TASK OBJECTIVE:
What you return should be the lines of the data containing "units", each in full.

SOURCE MATERIAL:

▬▬▬▬▬▬

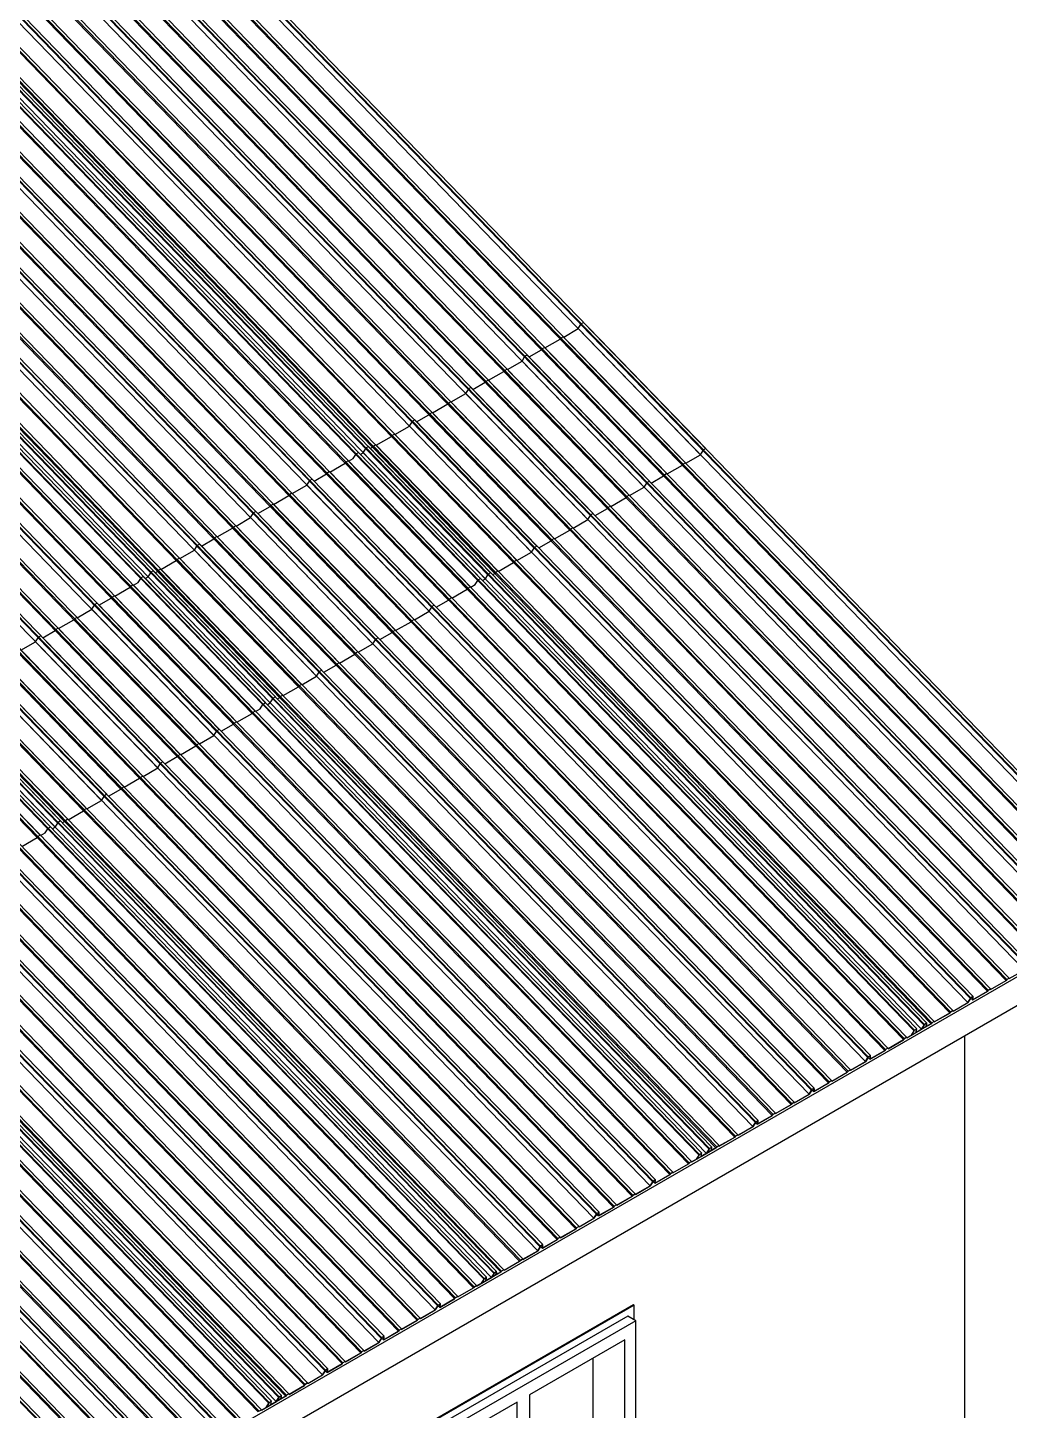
# Model space of a CAD drawing. Header units: inches. Extents: x 0.4 to 16.6, y 0.2 to 10.8.
# Drawn here: x 7.165 to 9.386, y 5.354 to 8.483 of the extents above; entities that cross this region are included whole.
import ezdxf

# ---------------------------------------------------------------- set-up
doc = ezdxf.new("R2010")
doc.units = ezdxf.units.IN
doc.header["$MEASUREMENT"] = 0

msp = doc.modelspace()

# ---------------------------------------------------------------- linework, layer by layer
at = {"color": 7, "linetype": 'Continuous', "lineweight": 25}
for p, q in [((8.6531, 7.4981), (7.4916, 8.6976)), ((8.6869, 7.5165), (7.5247, 8.7167)), ((8.6928, 7.5256), (7.5342, 8.7221)), ((8.6935, 7.5271), (7.5355, 8.7229)), ((8.6988, 7.5302), (7.5408, 8.726)), ((8.6037, 7.4684), (7.4415, 8.6686)), ((8.6054, 7.4705), (7.4439, 8.67)), ((8.6107, 7.4736), (7.4492, 8.6731)), ((8.6462, 7.4929), (7.4839, 8.6931)), ((8.6478, 7.495), (7.4863, 8.6945)), ((8.5597, 7.443), (7.3974, 8.6432)), ((8.5656, 7.4521), (7.4069, 8.6487)), ((8.5662, 7.4537), (7.4082, 8.6495)), ((8.5715, 7.4567), (7.4135, 8.6525)), ((8.5189, 7.4194), (7.3566, 8.6197)), ((8.5205, 7.4216), (7.359, 8.621)), ((8.5258, 7.4246), (7.3643, 8.6241)), ((8.4383, 7.3787), (7.2796, 8.5752)), ((8.4389, 7.3802), (7.281, 8.576)), ((8.4442, 7.3833), (7.2863, 8.579)), ((8.4764, 7.395), (7.3142, 8.5952)), ((8.4781, 7.3971), (7.3166, 8.5965)), ((8.4834, 7.4001), (7.3219, 8.5996)), ((8.3916, 7.346), (7.2293, 8.5462)), ((8.3933, 7.3481), (7.2317, 8.5476)), ((8.3986, 7.3511), (7.237, 8.5506)), ((8.4324, 7.3695), (7.2701, 8.5697)), ((8.3492, 7.3215), (7.1869, 8.5217)), ((8.3508, 7.3236), (7.1893, 8.5231)), ((8.3561, 7.3267), (7.1946, 8.5261)), ((8.3051, 7.296), (7.1429, 8.4962)), ((8.311, 7.3052), (7.1523, 8.5017)), ((8.3117, 7.3067), (7.1537, 8.5025)), ((8.317, 7.3098), (7.159, 8.5056)), ((8.2219, 7.248), (7.0596, 8.4482)), ((8.2236, 7.2501), (7.062, 8.4496)), ((8.2289, 7.2532), (7.0673, 8.4526)), ((8.2643, 7.2725), (7.1021, 8.4727)), ((8.266, 7.2746), (7.1044, 8.4741)), ((8.2713, 7.2777), (7.1097, 8.4771)), ((8.1666, 7.2173), (7.0051, 8.4167)), ((8.1837, 7.2317), (7.025, 8.4282)), ((8.1844, 7.2332), (7.0264, 8.429)), ((8.1897, 7.2363), (7.0317, 8.4321)), ((8.2005, 7.2356), (7.0382, 8.4358)), ((8.2064, 7.2448), (7.0477, 8.4413)), ((8.207, 7.2463), (7.049, 8.4421)), ((8.2123, 7.2494), (7.0543, 8.4451)), ((8.1172, 7.1876), (6.955, 8.3878)), ((8.1189, 7.1897), (6.9574, 8.3892)), ((8.1242, 7.1928), (6.9627, 8.3922)), ((8.1597, 7.2121), (6.9974, 8.4123)), ((8.1613, 7.2142), (6.9998, 8.4137)), ((8.0732, 7.1621), (6.9109, 8.3624)), ((8.0791, 7.1713), (6.9204, 8.3678)), ((8.0797, 7.1728), (6.9218, 8.3686)), ((8.085, 7.1759), (6.9271, 8.3717)), ((8.0324, 7.1386), (6.8701, 8.3388)), ((8.0341, 7.1407), (6.8725, 8.3402)), ((8.0394, 7.1438), (6.8778, 8.3432)), ((7.9518, 7.0978), (6.7931, 8.2943)), ((7.9524, 7.0994), (6.7945, 8.2951)), ((7.9577, 7.1024), (6.7998, 8.2982)), ((7.99, 7.1141), (6.8277, 8.3143)), ((7.9916, 7.1162), (6.8301, 8.3157)), ((7.9969, 7.1193), (6.8354, 8.3188)), ((7.9051, 7.0651), (6.7429, 8.2653)), ((7.9068, 7.0672), (6.7452, 8.2667)), ((7.9121, 7.0703), (6.7505, 8.2698)), ((7.9459, 7.0887), (6.7836, 8.2889)), ((7.8627, 7.0406), (6.7004, 8.2408)), ((7.8643, 7.0427), (6.7028, 8.2422)), ((7.8697, 7.0458), (6.7081, 8.2453)), ((7.7848, 6.9968), (6.6233, 8.1963)), ((7.8186, 7.0152), (6.6564, 8.2154)), ((7.8245, 7.0244), (6.6658, 8.2209)), ((7.8252, 7.0259), (6.6672, 8.2217)), ((7.8305, 7.0289), (6.6725, 8.2247)), ((7.7354, 6.9672), (6.5731, 8.1674)), ((7.7371, 6.9693), (6.5755, 8.1687)), ((7.7424, 6.9723), (6.5808, 8.1718)), ((7.7778, 6.9916), (6.6156, 8.1919)), ((7.7795, 6.9938), (6.618, 8.1932)), ((7.6801, 6.9364), (6.5186, 8.1359)), ((7.6972, 6.9509), (6.5386, 8.1474)), ((7.6979, 6.9524), (6.5399, 8.1482)), ((7.7032, 6.9555), (6.5452, 8.1512)), ((7.714, 6.9548), (6.5517, 8.155)), ((7.7199, 6.9639), (6.5612, 8.1605)), ((7.7205, 6.9655), (6.5625, 8.1612)), ((7.7258, 6.9685), (6.5678, 8.1643)), ((7.6307, 6.9067), (6.4685, 8.1069)), ((7.6324, 6.9089), (6.4709, 8.1083)), ((7.6377, 6.9119), (6.4762, 8.1114)), ((7.6732, 6.9312), (6.5109, 8.1314)), ((7.6748, 6.9333), (6.5133, 8.1328)), ((7.5867, 6.8813), (6.4244, 8.0815)), ((7.5926, 6.8905), (6.4339, 8.087)), ((7.5932, 6.892), (6.4353, 8.0878)), ((7.5985, 6.895), (6.4406, 8.0908)), ((7.5459, 6.8578), (6.3836, 8.058)), ((7.5476, 6.8599), (6.386, 8.0593)), ((7.5529, 6.8629), (6.3913, 8.0624)), ((7.4653, 6.817), (6.3066, 8.0135)), ((7.466, 6.8185), (6.308, 8.0143)), ((7.4713, 6.8216), (6.3133, 8.0174)), ((7.5035, 6.8333), (6.3412, 8.0335)), ((7.5051, 6.8354), (6.3436, 8.0348)), ((7.5104, 6.8384), (6.3489, 8.0379)), ((7.4186, 6.7843), (6.2564, 7.9845)), ((7.4203, 6.7864), (6.2587, 7.9859)), ((7.4256, 6.7895), (6.264, 7.9889)), ((7.4594, 6.8078), (6.2972, 8.008)), ((7.3762, 6.7598), (6.2139, 7.96)), ((7.3779, 6.7619), (6.2163, 7.9614)), ((7.3832, 6.765), (6.2216, 7.9644)), ((7.2983, 6.716), (6.1368, 7.9154)), ((7.3321, 6.7344), (6.1699, 7.9346)), ((7.338, 6.7435), (6.1793, 7.94)), ((7.3387, 6.745), (6.1807, 7.9408)), ((7.344, 6.7481), (6.186, 7.9439)), ((7.2393, 6.6877), (6.0814, 7.8835)), ((7.2489, 6.6863), (6.0867, 7.8865)), ((7.2506, 6.6884), (6.089, 7.8879)), ((7.2559, 6.6915), (6.0943, 7.891)), ((7.2913, 6.7108), (6.1291, 7.911)), ((7.293, 6.7129), (6.1315, 7.9124)), ((7.1937, 6.6556), (6.0321, 7.855)), ((7.2107, 6.67), (6.0521, 7.8665)), ((7.2114, 6.6716), (6.0534, 7.8673)), ((7.2167, 6.6746), (6.0587, 7.8704)), ((7.2275, 6.6739), (6.0652, 7.8741)), ((7.2334, 6.6831), (6.0747, 7.8796)), ((7.234, 6.6846), (6.0761, 7.8804)), ((7.1867, 6.6504), (6.0244, 7.8506)), ((7.1884, 6.6525), (6.0268, 7.852)), ((8.3776, 7.7827), (8.4107, 7.8018)), ((8.4107, 7.8018), (8.4166, 7.8109)), ((9.6737, 6.4975), (8.4107, 7.8018)), ((8.4166, 7.8109), (8.4172, 7.8125)), ((9.6796, 6.5067), (8.4166, 7.8109)), ((8.4225, 7.8155), (8.4172, 7.8125)), ((9.6802, 6.5082), (8.4172, 7.8125)), ((9.6855, 6.5113), (8.4225, 7.8155)), ((8.3344, 7.7589), (8.3291, 7.7558)), ((9.5974, 6.4547), (8.3344, 7.7589)), ((8.3351, 7.7582), (8.3699, 7.7782)), ((8.3715, 7.7803), (8.3699, 7.7782)), ((9.6329, 6.474), (8.3699, 7.7782)), ((8.3768, 7.7834), (8.3715, 7.7803)), ((9.6345, 6.4761), (8.3715, 7.7803)), ((9.6398, 6.4792), (8.3768, 7.7834)), ((8.2503, 7.7092), (8.2834, 7.7283)), ((8.2834, 7.7283), (8.2893, 7.7375)), ((9.5464, 6.4241), (8.2834, 7.7283)), ((8.2893, 7.7375), (8.2899, 7.739)), ((9.5523, 6.4332), (8.2893, 7.7375)), ((8.2952, 7.742), (8.2899, 7.739)), ((9.5529, 6.4347), (8.2899, 7.739)), ((9.5582, 6.4378), (8.2952, 7.742)), ((8.2995, 7.7376), (8.3274, 7.7537)), ((8.3291, 7.7558), (8.3274, 7.7537)), ((9.5904, 6.4495), (8.3274, 7.7537)), ((9.5921, 6.4516), (8.3291, 7.7558)), ((8.2079, 7.6847), (8.2426, 7.7047)), ((8.2443, 7.7069), (8.2426, 7.7047)), ((9.5056, 6.4005), (8.2426, 7.7047)), ((8.2496, 7.7099), (8.2443, 7.7069)), ((9.5073, 6.4026), (8.2443, 7.7069)), ((9.5126, 6.4057), (8.2496, 7.7099)), ((8.162, 7.664), (8.1627, 7.6655)), ((8.168, 7.6686), (8.1627, 7.6655)), ((9.4256, 6.3613), (8.1627, 7.6655)), ((9.4309, 6.3643), (8.168, 7.6686)), ((8.1722, 7.6641), (8.2002, 7.6803)), ((8.2018, 7.6824), (8.2002, 7.6803)), ((9.4632, 6.376), (8.2002, 7.6803)), ((8.2071, 7.6854), (8.2018, 7.6824)), ((9.4648, 6.3781), (8.2018, 7.6824)), ((9.4701, 6.3812), (8.2071, 7.6854)), ((8.117, 7.6334), (8.1153, 7.6313)), ((8.1223, 7.6364), (8.117, 7.6334)), ((9.38, 6.3291), (8.117, 7.6334)), ((9.3853, 6.3322), (8.1223, 7.6364)), ((8.123, 7.6357), (8.1561, 7.6548)), ((8.1561, 7.6548), (8.162, 7.664)), ((9.4191, 6.3506), (8.1561, 7.6548)), ((9.425, 6.3597), (8.162, 7.664)), ((8.045, 7.5907), (8.0729, 7.6068)), ((8.0746, 7.6089), (8.0729, 7.6068)), ((9.3359, 6.3025), (8.0729, 7.6068)), ((8.0799, 7.612), (8.0746, 7.6089)), ((9.3375, 6.3047), (8.0746, 7.6089)), ((9.3429, 6.3077), (8.0799, 7.612)), ((8.0806, 7.6112), (8.1153, 7.6313)), ((9.3783, 6.327), (8.1153, 7.6313)), ((7.9957, 7.5622), (8.0288, 7.5813)), ((8.0288, 7.5813), (8.0347, 7.5905)), ((9.2918, 6.2771), (8.0288, 7.5813)), ((8.0347, 7.5905), (8.0354, 7.592)), ((9.2977, 6.2863), (8.0347, 7.5905)), ((8.0407, 7.5951), (8.0354, 7.592)), ((9.2984, 6.2878), (8.0354, 7.592)), ((9.3037, 6.2908), (8.0407, 7.5951)), ((7.9533, 7.5377), (7.988, 7.5578)), ((7.9897, 7.5599), (7.988, 7.5578)), ((9.251, 6.2536), (7.988, 7.5578)), ((7.995, 7.563), (7.9897, 7.5599)), ((9.2527, 6.2557), (7.9897, 7.5599)), ((9.258, 6.2587), (7.995, 7.563)), ((7.9016, 7.5079), (7.9074, 7.517)), ((7.9074, 7.517), (7.9081, 7.5185)), ((9.1704, 6.2128), (7.9074, 7.517)), ((7.9081, 7.5185), (7.9134, 7.5216)), ((9.1711, 6.2143), (7.9081, 7.5185)), ((9.1764, 6.2174), (7.9134, 7.5216)), ((7.9177, 7.5172), (7.9242, 7.5209)), ((7.9242, 7.5209), (7.9301, 7.5301)), ((9.1872, 6.2167), (7.9242, 7.5209)), ((7.9301, 7.5301), (7.9307, 7.5316)), ((9.1931, 6.2258), (7.9301, 7.5301)), ((7.936, 7.5347), (7.9307, 7.5316)), ((9.1937, 6.2274), (7.9307, 7.5316)), ((9.199, 6.2304), (7.936, 7.5347)), ((7.9403, 7.5302), (7.9456, 7.5333)), ((7.9473, 7.5354), (7.9456, 7.5333)), ((9.2086, 6.2291), (7.9456, 7.5333)), ((7.9526, 7.5385), (7.9473, 7.5354)), ((9.2103, 6.2312), (7.9473, 7.5354)), ((9.2156, 6.2342), (7.9526, 7.5385)), ((8.6538, 7.4974), (8.6869, 7.5165)), ((8.6869, 7.5165), (8.6928, 7.5256)), ((8.6928, 7.5256), (8.6935, 7.5271)), ((8.6988, 7.5302), (8.6935, 7.5271)), ((7.8479, 7.4781), (7.8426, 7.475)), ((9.1109, 6.1738), (7.8479, 7.4781)), ((7.8486, 7.4773), (7.8834, 7.4974)), ((7.8851, 7.4995), (7.8834, 7.4974)), ((9.1464, 6.1931), (7.8834, 7.4974)), ((7.8904, 7.5026), (7.8851, 7.4995)), ((9.148, 6.1953), (7.8851, 7.4995)), ((9.1533, 6.1983), (7.8904, 7.5026)), ((7.8911, 7.5018), (7.9016, 7.5079)), ((8.6114, 7.4729), (8.6462, 7.4929)), ((8.6478, 7.495), (8.6462, 7.4929)), ((8.6531, 7.4981), (8.6478, 7.495)), ((7.7638, 7.4283), (7.7969, 7.4475)), ((7.7969, 7.4475), (7.8028, 7.4566)), ((9.0599, 6.1432), (7.7969, 7.4475)), ((7.8028, 7.4566), (7.8034, 7.4581)), ((9.0658, 6.1524), (7.8028, 7.4566)), ((7.8087, 7.4612), (7.8034, 7.4581)), ((9.0664, 6.1539), (7.8034, 7.4581)), ((9.0717, 6.157), (7.8087, 7.4612)), ((7.813, 7.4568), (7.841, 7.4729)), ((7.8426, 7.475), (7.841, 7.4729)), ((9.1039, 6.1686), (7.841, 7.4729)), ((9.1056, 6.1708), (7.8426, 7.475)), ((8.5597, 7.443), (8.5656, 7.4521)), ((8.5656, 7.4521), (8.5662, 7.4537)), ((8.5715, 7.4567), (8.5662, 7.4537)), ((8.5758, 7.4523), (8.6037, 7.4684)), ((8.6054, 7.4705), (8.6037, 7.4684)), ((8.6107, 7.4736), (8.6054, 7.4705)), ((7.7214, 7.4038), (7.7561, 7.4239)), ((7.7578, 7.426), (7.7561, 7.4239)), ((9.0191, 6.1197), (7.7561, 7.4239)), ((7.7631, 7.4291), (7.7578, 7.426)), ((9.0208, 6.1218), (7.7578, 7.426)), ((9.0261, 6.1248), (7.7631, 7.4291)), ((8.4841, 7.3994), (8.5189, 7.4194)), ((8.5205, 7.4216), (8.5189, 7.4194)), ((8.5258, 7.4246), (8.5205, 7.4216)), ((8.5266, 7.4239), (8.5597, 7.443)), ((7.6696, 7.374), (7.6755, 7.3831)), ((7.6755, 7.3831), (7.6762, 7.3847)), ((8.9385, 6.0789), (7.6755, 7.3831)), ((7.6815, 7.3877), (7.6762, 7.3847)), ((8.9392, 6.0804), (7.6762, 7.3847)), ((8.9445, 6.0835), (7.6815, 7.3877)), ((7.6858, 7.3833), (7.7137, 7.3994)), ((7.7153, 7.4015), (7.7137, 7.3994)), ((8.9767, 6.0952), (7.7137, 7.3994)), ((7.7206, 7.4046), (7.7153, 7.4015)), ((8.9783, 6.0973), (7.7153, 7.4015)), ((8.9836, 6.1003), (7.7206, 7.4046)), ((8.4442, 7.3833), (8.4389, 7.3802)), ((8.4485, 7.3788), (8.4764, 7.395)), ((8.4781, 7.3971), (8.4764, 7.395)), ((8.4834, 7.4001), (8.4781, 7.3971)), ((7.6305, 7.3525), (7.6288, 7.3504)), ((7.6358, 7.3556), (7.6305, 7.3525)), ((8.8935, 6.0483), (7.6305, 7.3525)), ((8.8988, 6.0514), (7.6358, 7.3556)), ((7.6365, 7.3549), (7.6696, 7.374)), ((8.9326, 6.0697), (7.6696, 7.374)), ((8.3993, 7.3504), (8.4324, 7.3695)), ((8.4324, 7.3695), (8.4383, 7.3787)), ((8.4383, 7.3787), (8.4389, 7.3802)), ((7.5585, 7.3098), (7.5864, 7.3259)), ((7.5881, 7.328), (7.5864, 7.3259)), ((8.8494, 6.0217), (7.5864, 7.3259)), ((7.5934, 7.3311), (7.5881, 7.328)), ((8.8511, 6.0238), (7.5881, 7.328)), ((8.8564, 6.0269), (7.5934, 7.3311)), ((7.5941, 7.3304), (7.6288, 7.3504)), ((8.8918, 6.0462), (7.6288, 7.3504)), ((8.3212, 7.3054), (8.3492, 7.3215)), ((8.3508, 7.3236), (8.3492, 7.3215)), ((8.3561, 7.3267), (8.3508, 7.3236)), ((8.3569, 7.3259), (8.3916, 7.346)), ((8.3933, 7.3481), (8.3916, 7.346)), ((8.3986, 7.3511), (8.3933, 7.3481)), ((7.5092, 7.2814), (7.5423, 7.3005)), ((7.5423, 7.3005), (7.5482, 7.3097)), ((8.8053, 5.9963), (7.5423, 7.3005)), ((7.5482, 7.3097), (7.5489, 7.3112)), ((8.8112, 6.0054), (7.5482, 7.3097)), ((7.5542, 7.3142), (7.5489, 7.3112)), ((8.8119, 6.0069), (7.5489, 7.3112)), ((8.8172, 6.01), (7.5542, 7.3142)), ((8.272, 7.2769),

▬▬▬▬▬▬

OUTPUT OF THE EXERCISE:
# Model space of a CAD drawing. Header units: inches. Extents: x 0.4 to 16.6, y 0.2 to 10.8.
doc.units = ezdxf.units.IN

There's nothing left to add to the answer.